*** Begin section ***

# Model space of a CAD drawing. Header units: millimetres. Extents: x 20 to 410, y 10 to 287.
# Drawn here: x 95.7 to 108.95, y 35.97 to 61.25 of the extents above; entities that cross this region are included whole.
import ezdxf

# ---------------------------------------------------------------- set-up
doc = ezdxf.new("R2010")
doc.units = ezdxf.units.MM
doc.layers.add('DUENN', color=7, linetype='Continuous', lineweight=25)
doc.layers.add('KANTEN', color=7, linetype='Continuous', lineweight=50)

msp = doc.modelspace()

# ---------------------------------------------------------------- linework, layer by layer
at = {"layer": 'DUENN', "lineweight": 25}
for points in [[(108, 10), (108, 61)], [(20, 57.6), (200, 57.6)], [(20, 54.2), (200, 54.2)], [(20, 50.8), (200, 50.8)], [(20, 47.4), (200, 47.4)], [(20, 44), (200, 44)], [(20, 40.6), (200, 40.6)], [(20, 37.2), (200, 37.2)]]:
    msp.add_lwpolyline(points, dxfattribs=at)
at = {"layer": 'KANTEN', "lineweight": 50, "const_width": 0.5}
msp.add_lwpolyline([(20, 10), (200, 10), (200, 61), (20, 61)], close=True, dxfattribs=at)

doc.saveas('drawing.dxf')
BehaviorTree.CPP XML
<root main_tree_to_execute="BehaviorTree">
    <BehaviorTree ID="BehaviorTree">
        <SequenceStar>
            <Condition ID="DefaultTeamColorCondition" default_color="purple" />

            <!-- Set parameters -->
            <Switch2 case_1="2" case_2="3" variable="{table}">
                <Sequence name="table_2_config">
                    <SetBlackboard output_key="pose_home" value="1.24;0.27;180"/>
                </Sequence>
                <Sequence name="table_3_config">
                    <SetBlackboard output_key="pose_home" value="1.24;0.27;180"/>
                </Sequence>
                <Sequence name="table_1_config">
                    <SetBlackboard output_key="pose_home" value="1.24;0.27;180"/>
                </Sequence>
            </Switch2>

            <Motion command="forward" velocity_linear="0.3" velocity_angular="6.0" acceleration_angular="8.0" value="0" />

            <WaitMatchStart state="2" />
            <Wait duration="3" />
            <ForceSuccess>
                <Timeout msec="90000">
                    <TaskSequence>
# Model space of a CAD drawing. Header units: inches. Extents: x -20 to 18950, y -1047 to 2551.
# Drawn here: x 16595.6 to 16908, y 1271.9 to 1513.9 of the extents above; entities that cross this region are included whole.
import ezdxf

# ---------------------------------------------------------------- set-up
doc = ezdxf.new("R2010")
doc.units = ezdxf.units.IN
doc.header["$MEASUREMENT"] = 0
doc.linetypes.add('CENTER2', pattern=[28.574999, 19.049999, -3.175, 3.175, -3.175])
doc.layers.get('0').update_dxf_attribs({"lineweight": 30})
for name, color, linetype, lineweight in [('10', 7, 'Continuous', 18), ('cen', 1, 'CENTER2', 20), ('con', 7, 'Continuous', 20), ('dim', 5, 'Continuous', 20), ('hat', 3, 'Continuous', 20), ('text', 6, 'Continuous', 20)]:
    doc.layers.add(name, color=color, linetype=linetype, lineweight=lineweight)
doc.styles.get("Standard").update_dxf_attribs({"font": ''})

*** End section ***

[TASK TO COMPLETE] Without changing a word, restate the whole listing.

[PROBLEM SOLUTION]
# Model space of a CAD drawing. Header units: millimetres. Extents: x 20 to 410, y 10 to 287.
# Drawn here: x 95.7 to 108.95, y 35.97 to 61.25 of the extents above; entities that cross this region are included whole.
import ezdxf

# ---------------------------------------------------------------- set-up
doc = ezdxf.new("R2010")
doc.units = ezdxf.units.MM
doc.layers.add('DUENN', color=7, linetype='Continuous', lineweight=25)
doc.layers.add('KANTEN', color=7, linetype='Continuous', lineweight=50)

msp = doc.modelspace()

# ---------------------------------------------------------------- linework, layer by layer
at = {"layer": 'DUENN', "lineweight": 25}
for points in [[(108, 10), (108, 61)], [(20, 57.6), (200, 57.6)], [(20, 54.2), (200, 54.2)], [(20, 50.8), (200, 50.8)], [(20, 47.4), (200, 47.4)], [(20, 44), (200, 44)], [(20, 40.6), (200, 40.6)], [(20, 37.2), (200, 37.2)]]:
    msp.add_lwpolyline(points, dxfattribs=at)
at = {"layer": 'KANTEN', "lineweight": 50, "const_width": 0.5}
msp.add_lwpolyline([(20, 10), (200, 10), (200, 61), (20, 61)], close=True, dxfattribs=at)

doc.saveas('drawing.dxf')
BehaviorTree.CPP XML
<root main_tree_to_execute="BehaviorTree">
    <BehaviorTree ID="BehaviorTree">
        <SequenceStar>
            <Condition ID="DefaultTeamColorCondition" default_color="purple" />

            <!-- Set parameters -->
            <Switch2 case_1="2" case_2="3" variable="{table}">
                <Sequence name="table_2_config">
                    <SetBlackboard output_key="pose_home" value="1.24;0.27;180"/>
                </Sequence>
                <Sequence name="table_3_config">
                    <SetBlackboard output_key="pose_home" value="1.24;0.27;180"/>
                </Sequence>
                <Sequence name="table_1_config">
                    <SetBlackboard output_key="pose_home" value="1.24;0.27;180"/>
                </Sequence>
            </Switch2>

            <Motion command="forward" velocity_linear="0.3" velocity_angular="6.0" acceleration_angular="8.0" value="0" />

            <WaitMatchStart state="2" />
            <Wait duration="3" />
            <ForceSuccess>
                <Timeout msec="90000">
                    <TaskSequence>
# Model space of a CAD drawing. Header units: inches. Extents: x -20 to 18950, y -1047 to 2551.
# Drawn here: x 16595.6 to 16908, y 1271.9 to 1513.9 of the extents above; entities that cross this region are included whole.
import ezdxf

# ---------------------------------------------------------------- set-up
doc = ezdxf.new("R2010")
doc.units = ezdxf.units.IN
doc.header["$MEASUREMENT"] = 0
doc.linetypes.add('CENTER2', pattern=[28.574999, 19.049999, -3.175, 3.175, -3.175])
doc.layers.get('0').update_dxf_attribs({"lineweight": 30})
for name, color, linetype, lineweight in [('10', 7, 'Continuous', 18), ('cen', 1, 'CENTER2', 20), ('con', 7, 'Continuous', 20), ('dim', 5, 'Continuous', 20), ('hat', 3, 'Continuous', 20), ('text', 6, 'Continuous', 20)]:
    doc.layers.add(name, color=color, linetype=linetype, lineweight=lineweight)
doc.styles.get("Standard").update_dxf_attribs({"font": ''})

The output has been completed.